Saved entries
# # # # # # #

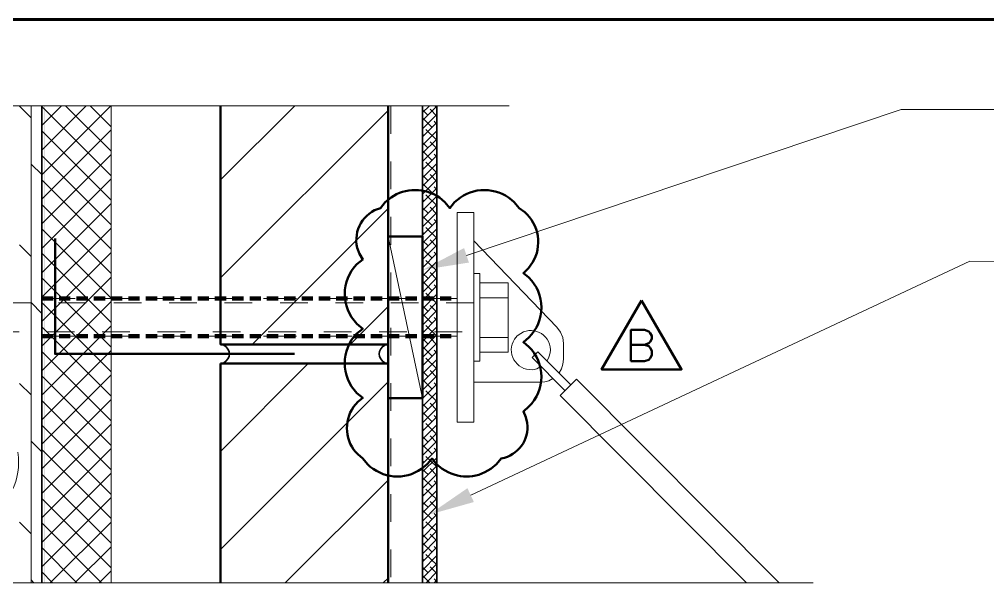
# Model space of a CAD drawing. Header units: inches. Extents: x 5 to 516, y -193 to 129.
# Drawn here: x 84.231 to 87.727, y -164.255 to -162.186 of the extents above; entities that cross this region are included whole.
import ezdxf

# ---------------------------------------------------------------- set-up
doc = ezdxf.new("R2010")
doc.units = ezdxf.units.IN
doc.header["$MEASUREMENT"] = 0
doc.linetypes.add('PDF_IMPORT', pattern=[1, 0.8, -0.2])
doc.layers.add('PDF8_Geometry', color=7, linetype='Continuous')
doc.layers.add('PDF8_Solid Fills', color=7, linetype='Continuous')

msp = doc.modelspace()

# ---------------------------------------------------------------- hatches: boundary and pattern name
at = {"layer": 'PDF8_Solid Fills', "transparency": 33554559}
for points in [[(84.3210705, -164.2180043), (84.3232927, -164.2180043), (84.3232926, -162.4991153), (84.3210705, -162.4991153)], [(84.3532931, -163.1857822), (84.312182, -163.1857822), (84.312182, -163.2013378), (84.3532931, -163.2013371)], [(84.415515, -163.1857822), (84.3744039, -163.1857822), (84.3744039, -163.2013378), (84.415515, -163.2013371)], [(84.4788481, -163.1857822), (84.4366259, -163.1857822), (84.4366259, -163.2013378), (84.4788481, -163.2013371)], [(84.5410723, -163.1857822), (84.4988501, -163.1857822), (84.4988501, -163.2013378), (84.5410723, -163.2013371)], [(84.6032931, -163.1857822), (84.562182, -163.1857822), (84.562182, -163.2013378), (84.6032931, -163.2013371)], [(84.6655151, -163.1857822), (84.6244039, -163.1857822), (84.6244039, -163.2013378), (84.6655151, -163.2013371)], [(84.7288481, -163.1857822), (84.6866259, -163.1857822), (84.6866259, -163.2013378), (84.7288481, -163.2013371)], [(84.7910723, -163.1857822), (84.7488501, -163.1857822), (84.7488501, -163.2013378), (84.7910723, -163.2013371)], [(84.8532931, -163.1857822), (84.812182, -163.1857822), (84.812182, -163.2013378), (84.8532931, -163.2013371)], [(84.9155151, -163.1857822), (84.874404, -163.1857822), (84.874404, -163.2013378), (84.9155151, -163.2013371)], [(84.9788481, -163.1857822), (84.9366259, -163.1857822), (84.9366259, -163.2013378), (84.9788481, -163.2013371)], [(85.0410724, -163.1857822), (84.9988501, -163.1857822), (84.9988501, -163.2013378), (85.0410724, -163.2013371)], [(85.1032931, -163.1857822), (85.062182, -163.1857822), (85.062182, -163.2013378), (85.1032931, -163.2013371)], [(85.1666262, -163.1857822), (85.124404, -163.1857822), (85.124404, -163.2013378), (85.1666262, -163.2013371)], [(85.2288482, -163.1857822), (85.1866259, -163.1857822), (85.1866259, -163.2013378), (85.2288482, -163.2013371)], [(85.2910712, -163.1857822), (85.2499601, -163.1857822), (85.2499601, -163.2013378), (85.2910712, -163.2013371)], [(85.3532932, -163.1857822), (85.312182, -163.1857822), (85.312182, -163.2013378), (85.3532932, -163.2013371)], [(85.4166262, -163.1857822), (85.374404, -163.1857822), (85.374404, -163.2013378), (85.4166262, -163.2013371)], [(85.4788482, -163.1857822), (85.436626, -163.1857822), (85.436626, -163.2013378), (85.4788482, -163.2013371)], [(85.5410712, -163.1857822), (85.4999601, -163.1857822), (85.4999601, -163.2013378), (85.5410712, -163.2013371)], [(85.6032932, -163.1857822), (85.5621821, -163.1857822), (85.5621821, -163.2013378), (85.6032932, -163.2013371)], [(85.6666262, -163.1857822), (85.624404, -163.1857822), (85.624404, -163.2013378), (85.6666262, -163.2013371)], [(85.7288482, -163.1857822), (85.686626, -163.1857822), (85.686626, -163.2013378), (85.7288482, -163.2013371)], [(85.7910712, -163.1857822), (85.7499601, -163.1857822), (85.7499601, -163.2013378), (85.7910712, -163.2013371)], [(84.3532931, -163.3213368), (84.312182, -163.3213368), (84.312182, -163.3368923), (84.3532931, -163.3368917)], [(84.415515, -163.3213368), (84.3744039, -163.3213368), (84.3744039, -163.3368923), (84.415515, -163.3368917)], [(84.4788481, -163.3213368), (84.4366259, -163.3213368), (84.4366259, -163.3368923), (84.4788481, -163.3368917)], [(84.5410723, -163.3213368), (84.4988501, -163.3213368), (84.4988501, -163.3368923), (84.5410723, -163.3368917)], [(84.6032931, -163.3213368), (84.562182, -163.3213368), (84.562182, -163.3368923), (84.6032931, -163.3368917)], [(84.6655151, -163.3213368), (84.6244039, -163.3213368), (84.6244039, -163.3368923), (84.6655151, -163.3368917)], [(84.7288481, -163.3213368), (84.6866259, -163.3213368), (84.6866259, -163.3368923), (84.7288481, -163.3368917)], [(84.7910723, -163.3213368), (84.7488501, -163.3213368), (84.7488501, -163.3368923), (84.7910723, -163.3368917)], [(84.8532931, -163.3213368), (84.812182, -163.3213368), (84.812182, -163.3368923), (84.8532931, -163.3368917)], [(84.9155151, -163.3213368), (84.874404, -163.3213368), (84.874404, -163.3368923), (84.9155151, -163.3368917)], [(84.9788481, -163.3213368), (84.9366259, -163.3213368), (84.9366259, -163.3368923), (84.9788481, -163.3368917)], [(85.0410724, -163.3213368), (84.9988501, -163.3213368), (84.9988501, -163.3368923), (85.0410724, -163.3368917)], [(85.1032931, -163.3213368), (85.062182, -163.3213368), (85.062182, -163.3368923), (85.1032931, -163.3368917)], [(85.1666262, -163.3213368), (85.124404, -163.3213368), (85.124404, -163.3368923), (85.1666262, -163.3368917)], [(85.2288482, -163.3213368), (85.1866259, -163.3213368), (85.1866259, -163.3368923), (85.2288482, -163.3368917)], [(85.2910712, -163.3213368), (85.2499601, -163.3213368), (85.2499601, -163.3368923), (85.2910712, -163.3368917)], [(85.3532932, -163.3213368), (85.312182, -163.3213368), (85.312182, -163.3368923), (85.3532932, -163.3368917)], [(85.4166262, -163.3213368), (85.374404, -163.3213368), (85.374404, -163.3368923), (85.4166262, -163.3368917)], [(85.4788482, -163.3213368), (85.436626, -163.3213368), (85.436626, -163.3368923), (85.4788482, -163.3368917)], [(85.5410712, -163.3213368), (85.4999601, -163.3213368), (85.4999601, -163.3368923), (85.5410712, -163.3368917)], [(85.6032932, -163.3213368), (85.5621821, -163.3213368), (85.5621821, -163.3368923), (85.6032932, -163.3368917)], [(85.6666262, -163.3213368), (85.624404, -163.3213368), (85.624404, -163.3368923), (85.6666262, -163.3368917)], [(85.7288482, -163.3213368), (85.686626, -163.3213368), (85.686626, -163.3368923), (85.7288482, -163.3368917)], [(85.7910712, -163.3213368), (85.7499601, -163.3213368), (85.7499601, -163.3368923), (85.7910712, -163.3368917)]]:
    msp.add_hatch(color=256, dxfattribs=at).paths.add_polyline_path(points)

# ---------------------------------------------------------------- linework, layer by layer
at = {"layer": 'PDF8_Geometry', "lineweight": 60}
msp.add_lwpolyline([(116.5799627, -192.1857845), (116.5799627, -162.1857821), (71.5799591, -162.1857821), (71.5799591, -192.1857845)], dxfattribs=at)
at = {"layer": 'PDF8_Geometry', "lineweight": 15}
for points in [[(82.5510712, -162.4980041), (83.8766269, -162.4980041), (83.9555156, -162.6313374), (84.0932935, -162.336893), (84.1688491, -162.4980041), (85.9999604, -162.4980041)], [(84.2732935, -162.5413368), (84.2310713, -162.4991146)], [(84.2732935, -164.2180043), (84.2732935, -162.4991153)], [(84.312182, -162.499114), (84.312182, -164.2180031)], [(84.312182, -162.7468919), (84.5599598, -162.4991141)], [(84.312182, -162.5691146), (84.382182, -162.4991146)], [(84.312182, -162.6580044), (84.4710709, -162.4991155)], [(84.562182, -162.7502262), (84.312182, -162.5002262)], [(84.562182, -162.6613364), (84.3988486, -162.4991142)], [(84.562182, -162.5735588), (84.4877375, -162.4991144)], [(84.562182, -164.2180043), (84.562182, -162.4991153)], [(84.9577373, -162.7646712), (85.224404, -162.4991157)], [(84.9577373, -163.1191137), (85.5621818, -162.5146692)], [(85.686626, -162.5224475), (85.7110704, -162.4991142)], [(85.686626, -162.5513375), (85.7388482, -162.4991153)], [(85.686626, -162.5813374), (85.7388482, -162.5291152)], [(85.7066274, -162.5324483), (85.6866274, -162.5124483)], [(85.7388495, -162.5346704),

# # # # # # #

**What is required**
Pictures are to be dropped; the lines from the start of the entries above through the line with "msp = doc.modelspace()" are to be given again verbatim.

**Response area**
# Model space of a CAD drawing. Header units: inches. Extents: x 5 to 516, y -193 to 129.
# Drawn here: x 84.231 to 87.727, y -164.255 to -162.186 of the extents above; entities that cross this region are included whole.
import ezdxf

# ---------------------------------------------------------------- set-up
doc = ezdxf.new("R2010")
doc.units = ezdxf.units.IN
doc.header["$MEASUREMENT"] = 0
doc.linetypes.add('PDF_IMPORT', pattern=[1, 0.8, -0.2])
doc.layers.add('PDF8_Geometry', color=7, linetype='Continuous')
doc.layers.add('PDF8_Solid Fills', color=7, linetype='Continuous')

msp = doc.modelspace()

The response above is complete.